VIDÉO. Carburants : l'opposition n'est pas convaincue par les annonces d'Édouard Philippe

VIDÉO. Carburants : l'opposition n'est pas convaincue par les annonces d'Édouard Philippe
Laurent Wauquiez le 9 octobre 2018 à Paris.

Orange avec AFP, publié le mercredi 14 novembre 2018 à 12h14

RÉACTIONS. Le président des Républicains a estimé que les annonces d'Édouard Philippe pour atténuer le prix de l'énergie dans le budget des ménages étaient "de la micro-rustine".

Élargissement du chèque énergie, super prime à la conversion pour les ménages modestes... Le Premier ministre a dévoilé mercredi 14 novembre une série de mesures pour atténuer la hausse des prix de l'énergie dans le budget des ménages à trois jours de la mobilisation des "gilets jaunes".

Ces mesures ne s'accompagneront pas toutefois d'une annulation de la hausse des taxes sur les carburants et les énergies fossiles (fioul, gaz, etc.) l'an prochain, a confirmé Édouard Philippe sur RTL.

"De la micro-rustine"

Des annonces qui ne suffisent pas, selon Laurent Wauquiez. "C'est quoi l'information de la matinée ? Qu'il n'annule pas les hausses de taxes. (...) Que le président de la République ne corrige pas son erreur. Et l'info de la matinée pour moi c'est donc qu'il n'a pas entendu les Français", a dénoncé le président des Républicains sur BFMTV/RMC. "Il n'y a qu'une seule solution : arrêter les hausses de taxes. Tout le reste, c'est de la micro-rustine qui n'est pas à la hauteur du sujet", a-t-il martelé.



De son côté, le vice-président du Rassemblement national (RN) Louis Aliot a reconnu sur Franceinfo que le gouvernement avait fait "un geste", mais en déplorant que cela restait " de l'ordre de la proposition un peu fantaisiste dans la mesure où même si vous doublez la prime il faut acheter un véhicule". :"C'est une goutte d'eau dans un océan de dépenses qui sont occasionnées par la voiture en France. Augmentation des péages, des assurances, des contrôles techniques, etc. La voiture est la vache à lait du gouvernement et les Français sont pris à la gorge", a-t-il affirmé.
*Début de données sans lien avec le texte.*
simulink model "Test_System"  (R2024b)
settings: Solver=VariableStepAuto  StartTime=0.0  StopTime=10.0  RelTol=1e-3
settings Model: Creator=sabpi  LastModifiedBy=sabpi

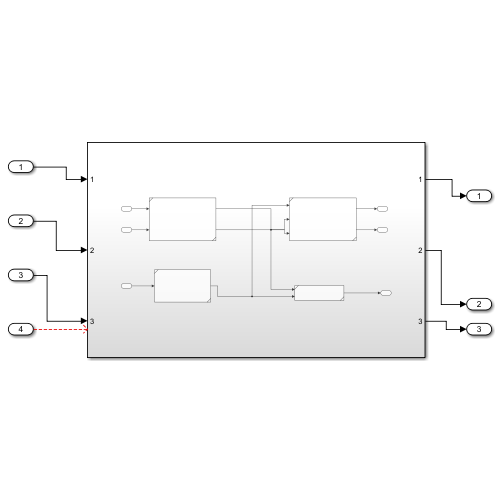
[thumbnail: Simulink's stored preview of the top-level diagram]
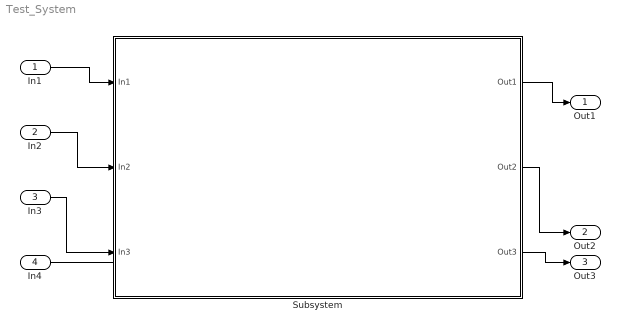
== system Test_System ==
  In1 : Inport
  In2 : Inport  Port=2
  In3 : Inport  Port=3
  In4 : Inport  Port=4
  Subsystem : Subsystem
  Out1 : Outport
  Out2 : Outport  Port=2
  Out3 : Outport  Port=3
  wires:
  In1/1 -> Subsystem/1(In1)
  In2/1 -> Subsystem/2(In2)
  In3/1 -> Subsystem/3(In3)
  In4/1 -> ?
  Subsystem/1(Out1) -> Out1/1
  Subsystem/2(Out2) -> Out2/1
  Subsystem/3(Out3) -> Out3/1

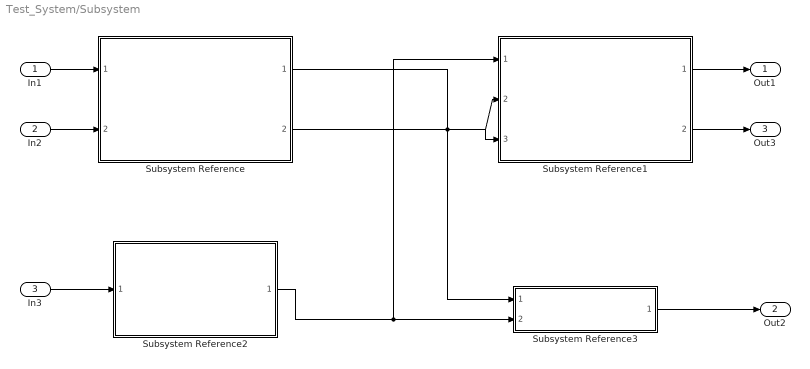
== system Test_System/Subsystem ==
  In1 : Inport
  In2 : Inport  Port=2
  In3 : Inport  Port=3
  Subsystem Reference : Subsystem  ReferencedSubsystem=Prova_1
  Subsystem Reference1 : Subsystem  ReferencedSubsystem=Prova_2
  Subsystem Reference2 : Subsystem  ReferencedSubsystem=Prova_3
  Subsystem Reference3 : Subsystem  ReferencedSubsystem=Prova_4
  Out1 : Outport
  Out2 : Outport  Port=2
  Out3 : Outport  Port=3
  wires:
  Subsystem Reference2/1 -> Subsystem Reference3/2, Subsystem Reference1/1
  Subsystem Reference/1 -> Subsystem Reference3/1, Subsystem Reference1/2
  In1/1 -> Subsystem Reference/1
  In2/1 -> Subsystem Reference/2
  In3/1 -> Subsystem Reference2/1
  Subsystem Reference1/1 -> Out1/1
  Subsystem Reference3/1 -> Out2/1
  Subsystem Reference/2 -> Subsystem Reference1/3
  Subsystem Reference1/2 -> Out3/1
simulink model "43_BusNetworkElectricityTransmissionModel"  (R2023b)
settings: Solver=VariableStepAuto  StartTime=0.0  StopTime=0.8  RelTol=1e-3
model workspace (MAT data in the model file):
  BESS_Fp_KDroop = 0.025
  BESS_KSI = 817
  BESS_PWM_fs = 560
  BESS_P_Ki = 0.5
  BESS_P_Kp = 0.0636
  BESS_Pnom = 3000000
  BESS_Q_Ki = 1
  BESS_Q_Kp = 0.0257
  BESS_Vd_Ki = 850
  BESS_Vd_Kp = 0.216
  BESS_Vnom = 1000
  BESS_Vq_KDroop = 0.025
  BESS_Vq_Ki = 850
  BESS_Vq_Kp = 0.216
  Compensation_Ki = 30
  Compensation_Kp = 3
  DC_Ki = 400
  DC_Kp = 8
  F = 0.01
  Flux_min = 0.5
  Grid_Freq_PWM = 2700
  Grid_Ireg_Ki = 5
  Grid_Ireg_Kp = 0.83
  Grid_Ireg_lim = 1.1
  Grid_Modindex_Upper = 1.1
  Grid_conv_Imax = 0.8
  H = 0.685
  Idref_max = 0.9
  Iqref_Tc = 0.3
  Ki_Var = 0.05
  Ki_Vreg = 20
  Ksh = 1.1
  L_pu = 0.3
  Llr = 0.16
  Lls = 0.18
  Lm = 2.9
  LowLoad_P = 130
  Nb_wt = 6
  P_mech = 1080000
  PeakShav_P = 200
  Pitch_Ki = 0
  Pitch_Kp = 150
  Pitch_Max = 27
  Pitch_Tc = 0.01
  Pitch_rate = 10
  Q_Filt = 50
  R_pu = 0.003
  Rotor_Freq_PWM = 1620
  Rotor_Ireg_Ki = 8
  Rotor_Ireg_Kp = 0.6
  Rotor_Ireg_lim = 0.1
  Rotor_Modindex_Upper = 2
  Rr = 0.016
  Rs = 0.023
  SOCBESS : Simulink.Parameter (value not decoded)
  T_set = 0.0001
  Tp = 5e-05
  Ts = 5e-06
  Var_C_Filt = 720000
  Var_reg_max = 1.1
  Var_reg_min = 0.9
  WT_Coeff = [0.645 116 0.4 5 21 0.00912 0.08 0.035]
  WT_H = 4.32
  WT_IGBTRon = 5.931
  WT_Param = [91.204 10143]
  Wind_Freq_Filt = 10000
  Wind_Freq_nom = 60
  Wind_P_nom = 1200000
  Wind_Rotor_V_nom = 1950
  Wind_V_nom = 500
  Zeta_Filt = 0.707106781187
  init = [-0.2 0 0 0 0 0 0 0]
  p = 3
  torque0 = 0.83
  v_Ki = 0.1
  v_Kp = 3.6
  v_Max = 1.2
  v_Min = 0.7
  v_T = 5
  vreg_max = 1
  wind_VDC_nom = 1150
  wt0 = 1.2
undefined symbols (not defined in the file): D1, D11, Delta, DiscIntNeverNeededParam, Iabc, Ion, Lithium, P, Q, Vabc
libraries: powerlib_extras x156, spsSeriesRLCBranchLib x66, spsLoadFlowBusLib x43, spsThreePhaseSeriesRLCLoadLib x33, spsThreePhaseTransformerTwoWindingsLib x32, spsThreePhaseVIMeasurementLib x30, simulink_extras x30, spsDistributedParametersLineLib x22, spsGenericPowerSystemStabilizerLib x20, spsSynchronousMachinepuStandardLib x10, spsExcitationSystemLib x10, spsHydraulicTurbineandGovernorLib x10
(part 6 of 19)

== system 43_BusNetworkElectricityTransmissionModel/ 41.4 MW Wind Generation/41.4 MW Wind Farm ==
  10.35 MW Wind Turbine 1 : Subsystem
  10.35 MW Wind Turbine 2 : Subsystem
  10.35 MW Wind Turbine 3 : Subsystem
  10.35 MW Wind Turbine 4 : Subsystem
  11.5 MVA 20KV :500V Transformer {1..4} (4 alike) : spsThreePhaseTransformerTwoWindingsLib/Three-Phase Transformer (Two Windings)  Winding1Connection=Delta (D1)  Winding2Connection=Yn  CoreType=Three single-phase transformers  SetSaturation=off  Hysteresis=off  DataFile='hysteresis'  SetInitialFlux=off  Measurements=None  UNITS=pu  NominalPower=[ 1.15e7 , 60 ]  Winding1=[ 20e3 , 0.002 , 0.08 ]  Winding2=[ 500 , 0.002 , 0.08 ]  Rm=500  Lm=500  L0=0.5  Saturation=[ 0,0 ; 0.0024,1.2 ; 1.0,1.52 ]  InitialFluxes=[ 0.8 , -0.8 , 0.7 ]  BreakLoop=off  DiscreteSolver=Trapezoidal iterative  DataType=off  TransfoNumber=1
  Control System : Subsystem
  Ground{,1..3} (4 alike) : spsGroundLib/Ground  LConnTagsString=a
  Load Flow Bus1 : spsLoadFlowBusLib/Load Flow Bus  LConnTagsString=a  Phases=single  Connectors=on one side  ID=BUS_31  Vbase=20e3  Vref=1  Vangle=0  VLF=1  VLFb=1  VLFc=1  angleLF=0  angleLFb=0  angleLFc=0
  Load Flow Bus2 : spsLoadFlowBusLib/Load Flow Bus  LConnTagsString=a  Phases=single  Connectors=on one side  ID=BUS_32  Vbase=20e3  Vref=1  Vangle=0  VLF=1  VLFb=1  VLFc=1  angleLF=0  angleLFb=0  angleLFc=0
  Load Flow Bus3 : spsLoadFlowBusLib/Load Flow Bus  LConnTagsString=a  Phases=single  Connectors=on one side  ID=BUS_33  Vbase=20e3  Vref=1  Vangle=0  VLF=1  VLFb=1  VLFc=1  angleLF=0  angleLFb=0  angleLFc=0
  Load Flow Bus4 : spsLoadFlowBusLib/Load Flow Bus  LConnTagsString=a  Phases=single  Connectors=on one side  ID=BUS_34  Vbase=500  Vref=1  Vangle=0  VLF=1  VLFb=1  VLFc=1  angleLF=0  angleLFb=0  angleLFc=0
  Load Flow Bus5 : spsLoadFlowBusLib/Load Flow Bus  LConnTagsString=a  Phases=single  Connectors=on one side  ID=BUS_35  Vbase=500  Vref=1  Vangle=0  VLF=1  VLFb=1  VLFc=1  angleLF=0  angleLFb=0  angleLFc=0
  Load Flow Bus6 : spsLoadFlowBusLib/Load Flow Bus  LConnTagsString=a  Phases=single  Connectors=on one side  ID=BUS_30  Vbase=20e3  Vref=1  Vangle=0  VLF=1  VLFb=1  VLFc=1  angleLF=0  angleLFb=0  angleLFc=0
  Load Flow Bus7 : spsLoadFlowBusLib/Load Flow Bus  LConnTagsString=a  Phases=single  Connectors=on one side  ID=BUS_36  Vbase=500  Vref=1  Vangle=0  VLF=1  VLFb=1  VLFc=1  angleLF=0  angleLFb=0  angleLFc=0
  Load Flow Bus8 : spsLoadFlowBusLib/Load Flow Bus  LConnTagsString=a  Phases=single  Connectors=on one side  ID=BUS_37  Vbase=500  Vref=1  Vangle=0  VLF=1  VLFb=1  VLFc=1  angleLF=0  angleLFb=0  angleLFc=0
  Series RLC Branch{,1..3} (4 alike) : spsSeriesRLCBranchLib/Series RLC Branch  LConnTagsString=__new0  RConnTagsString=__new0  BranchType=R  Resistance=66  Inductance=0  SetiL0=off  InitialCurrent=0  Capacitance=0  Setx0=off  InitialVoltage=0  Measurements=None
  Three-Phase PI Section Line{,1..3} (4 alike) : spsThreePhasePISectionLineLib/Three-Phase PI Section Line  LConnTagsString=a|b|c  RConnTagsString=A|B|C  Length=0.5  Frequency=60  Resistances=[ 0.01273 0.3864]  Inductances="[ 0.9337e-3  4.1264e-3]"  Capacitances=[12.74e-9 7.751e-9]
  Three-Phase Series RLC Load{,1..3} (4 alike) : spsThreePhaseSeriesRLCLoadLib/Three-Phase Series RLC Load  LConnTagsString=A|B|C  Configuration=Y (grounded)  NominalVoltage=500  Vabc=[1e3 1e3 1e3]  Vabcp=[1e3 1e3 1e3]  NominalFrequency=60  UnbalancedPower=off  ActivePower=43200  InductivePower=0  CapacitivePower=2160e3  Pabc=[10e3 9e3 11e3]  QLabc=[100 90 110]  QCabc=[100 90 110]  Pabcp=[10e3 9e3 11e3]  QLabcp=[100 90 110]  QCabcp=[100 90 110]  Measurements=None  LoadType=constant Z
  Three-Phase V-I Measurement1 : spsThreePhaseVIMeasurementLib/Three-Phase V-I Measurement  VoltageMeasurement=phase-to-ground  SetLabelV=on  LabelV=Vabc_WT2  Vpu=on  VpuLL=off  CurrentMeasurement=no  SetLabelI=on  LabelI=Iabc_WT2  Ipu=on  Pbase=2*1.8/0.9  Vbase=500  OutputType=Complex  PhasorSimulation=off  PSBequivalent=0
  Three-Phase V-I Measurement2 : spsThreePhaseVIMeasurementLib/Three-Phase V-I Measurement  VoltageMeasurement=phase-to-ground  SetLabelV=on  LabelV=Vabc_WT1  Vpu=on  VpuLL=off  CurrentMeasurement=no  SetLabelI=on  LabelI=Iabc_WT1  Ipu=off  Pbase=2*1.8/0.9  Vbase=500  OutputType=Complex  PhasorSimulation=off  PSBequivalent=0
  Three-Phase V-I Measurement3 : spsThreePhaseVIMeasurementLib/Three-Phase V-I Measurement  VoltageMeasurement=phase-to-ground  SetLabelV=on  LabelV=Vabc_WT4  Vpu=on  VpuLL=off  CurrentMeasurement=no  SetLabelI=on  LabelI=Iabc_WT4  Ipu=on  Pbase=2*1.8/0.9  Vbase=500  OutputType=Complex  PhasorSimulation=off  PSBequivalent=0
  Three-Phase V-I Measurement4 : spsThreePhaseVIMeasurementLib/Three-Phase V-I Measurement  VoltageMeasurement=phase-to-ground  SetLabelV=on  LabelV=Vabc_WT3  Vpu=on  VpuLL=off  CurrentMeasurement=no  SetLabelI=on  LabelI=Iabc_WT3  Ipu=on  Pbase=2*1.8/0.9  Vbase=500  OutputType=Complex  PhasorSimulation=off  PSBequivalent=0
  Unit Delay1 : UnitDelay  SampleTime=Ts  HasFrameUpgradeWarning=on
  A : PMIOPort  Side=Left
  B : PMIOPort  Port=2  Side=Left
  C : PMIOPort  Port=3  Side=Left
  connections:
  Three-Phase PI Section Line/RConn1 -- 11.5 MVA 20KV :500V Transformer 1/LConn1
  11.5 MVA 20KV :500V Transformer 1/LConn2 -- Three-Phase PI Section Line/RConn2
  Three-Phase PI Section Line/RConn3 -- 11.5 MVA 20KV :500V Transformer 1/LConn3
  Ground/LConn1 -- Series RLC Branch/RConn1
  Series RLC Branch/LConn1 -- 11.5 MVA 20KV :500V Transformer 1/RConn4
  11.5 MVA 20KV :500V Transformer 2/RConn1 -- Three-Phase V-I Measurement1/LConn1
  11.5 MVA 20KV :500V Transformer 2/RConn3 -- Three-Phase V-I Measurement1/LConn3
  11.5 MVA 20KV :500V Transformer 2/RConn2 -- Three-Phase V-I Measurement1/LConn2
  11.5 MVA 20KV :500V Transformer 2/RConn4 -- Series RLC Branch1/LConn1
  11.5 MVA 20KV :500V Transformer 2/LConn2 -- Three-Phase PI Section Line1/RConn2
  11.5 MVA 20KV :500V Transformer 2/LConn1 -- Three-Phase PI Section Line1/RConn1
  11.5 MVA 20KV :500V Transformer 2/LConn3 -- Three-Phase PI Section Line1/RConn3
  Ground1/LConn1 -- Series RLC Branch1/RConn1
  11.5 MVA 20KV :500V Transformer 3/RConn1 -- Three-Phase V-I Measurement4/LConn1
  11.5 MVA 20KV :500V Transformer 3/RConn3 -- Three-Phase V-I Measurement4/LConn3
  11.5 MVA 20KV :500V Transformer 3/RConn2 -- Three-Phase V-I Measurement4/LConn2
  11.5 MVA 20KV :500V Transformer 3/RConn4 -- Series RLC Branch2/LConn1
  11.5 MVA 20KV :500V Transformer 3/LConn2 -- Three-Phase PI Section Line2/RConn2
  11.5 MVA 20KV :500V Transformer 3/LConn1 -- Three-Phase PI Section Line2/RConn1
  11.5 MVA 20KV :500V Transformer 3/LConn3 -- Three-Phase PI Section Line2/RConn3
  Ground2/LConn1 -- Series RLC Branch2/RConn1
  11.5 MVA 20KV :500V Transformer 4/RConn1 -- Three-Phase V-I Measurement3/LConn1
  11.5 MVA 20KV :500V Transformer 4/RConn3 -- Three-Phase V-I Measurement3/LConn3
  11.5 MVA 20KV :500V Transformer 4/RConn2 -- Three-Phase V-I Measurement3/LConn2
  11.5 MVA 20KV :500V Transformer 4/RConn4 -- Series RLC Branch3/LConn1
  11.5 MVA 20KV :500V Transformer 4/LConn2 -- Three-Phase PI Section Line3/RConn2
  11.5 MVA 20KV :500V Transformer 4/LConn1 -- Three-Phase PI Section Line3/RConn1
  11.5 MVA 20KV :500V Transformer 4/LConn3 -- Three-Phase PI Section Line3/RConn3
  Ground3/LConn1 -- Series RLC Branch3/RConn1
  Three-Phase PI Section Line1/LConn1 -- Load Flow Bus1/LConn1 -- Three-Phase PI Section Line/LConn1 -- Load Flow Bus6/LConn1 -- Load Flow Bus3/LConn1 -- Three-Phase PI Section Line3/LConn1 -- Three-Phase PI Section Line2/LConn1 -- Load Flow Bus2/LConn1 -- A/RConn1
  Three-Phase PI Section Line1/LConn2 -- B/RConn1 -- Three-Phase PI Section Line3/LConn2 -- Three-Phase PI Section Line2/LConn2 -- Three-Phase PI Section Line/LConn2
  Three-Phase PI Section Line1/LConn3 -- C/RConn1 -- Three-Phase PI Section Line3/LConn3 -- Three-Phase PI Section Line2/LConn3 -- Three-Phase PI Section Line/LConn3
  10.35 MW Wind Turbine 2/LConn3 -- Three-Phase V-I Measurement1/RConn3 -- Three-Phase Series RLC Load1/LConn3
  10.35 MW Wind Turbine 2/LConn2 -- Three-Phase V-I Measurement1/RConn2 -- Three-Phase Series RLC Load1/LConn2
  10.35 MW Wind Turbine 2/LConn1 -- Three-Phase Series RLC Load1/LConn1 -- Load Flow Bus5/LConn1 -- Three-Phase V-I Measurement1/RConn1
  Three-Phase V-I Measurement4/RConn3 -- 10.35 MW Wind Turbine 3/LConn3 -- Three-Phase Series RLC Load2/LConn3
  Three-Phase V-I Measurement4/RConn2 -- 10.35 MW Wind Turbine 3/LConn2 -- Three-Phase Series RLC Load2/LConn2
  10.35 MW Wind Turbine 3/LConn1 -- Three-Phase Series RLC Load2/LConn1 -- Load Flow Bus7/LConn1 -- Three-Phase V-I Measurement4/RConn1
  10.35 MW Wind Turbine 4/LConn3 -- Three-Phase V-I Measurement3/RConn3 -- Three-Phase Series RLC Load3/LConn3
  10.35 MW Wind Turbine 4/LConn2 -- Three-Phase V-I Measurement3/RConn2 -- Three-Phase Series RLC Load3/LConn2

"Si j'ai bien compris, le Premier ministre Édouard Philippe va verser quelques subventions payées avec l'argent de nos impôts et taxes pour compenser les hausses d'impôts et de taxes, tout en continuant à augmenter massivement, dans l'avenir, les impôts et les taxes...", a de son côté tweeté sa compagne et présidente du parti Marine Le Pen.



Le gouvernement "fébrile"?

À gauche aussi les critiques ont fusé. "Édouard Philippe a été flou ce matin sur les mesures annoncées. On sent la fébrilité du gouvernement", a analysé sur LCI le député de La France insoumise Éric Coquerel. Selon lui, "les Français ne se mobilisent pas que pour le carburant, c'est un ras-le-bol général qui s'exprime. Les annonces d'Édouard Philippe sont un formidable appel à la mobilisation. C'est la preuve que se mobiliser paie et que le gouvernement est fébrile par rapport au 17 (novembre)".

Le chef de file du PCF aux élections européennes et l'adjoint à la maire de Paris Ian Brossat a lui estimé sur Twitter que le chef du gouvernement aurait bien du mail à convaincre les Français avec ces mesures.





L'ancien candidat socialiste à la présidentielle de 2017 et leader du mouvement Génération.s s'est de son côté contenté de retweeter un post comparant le Premier ministre à Marie-Antoinette proposant de la brioche au peuple réclamant du pain.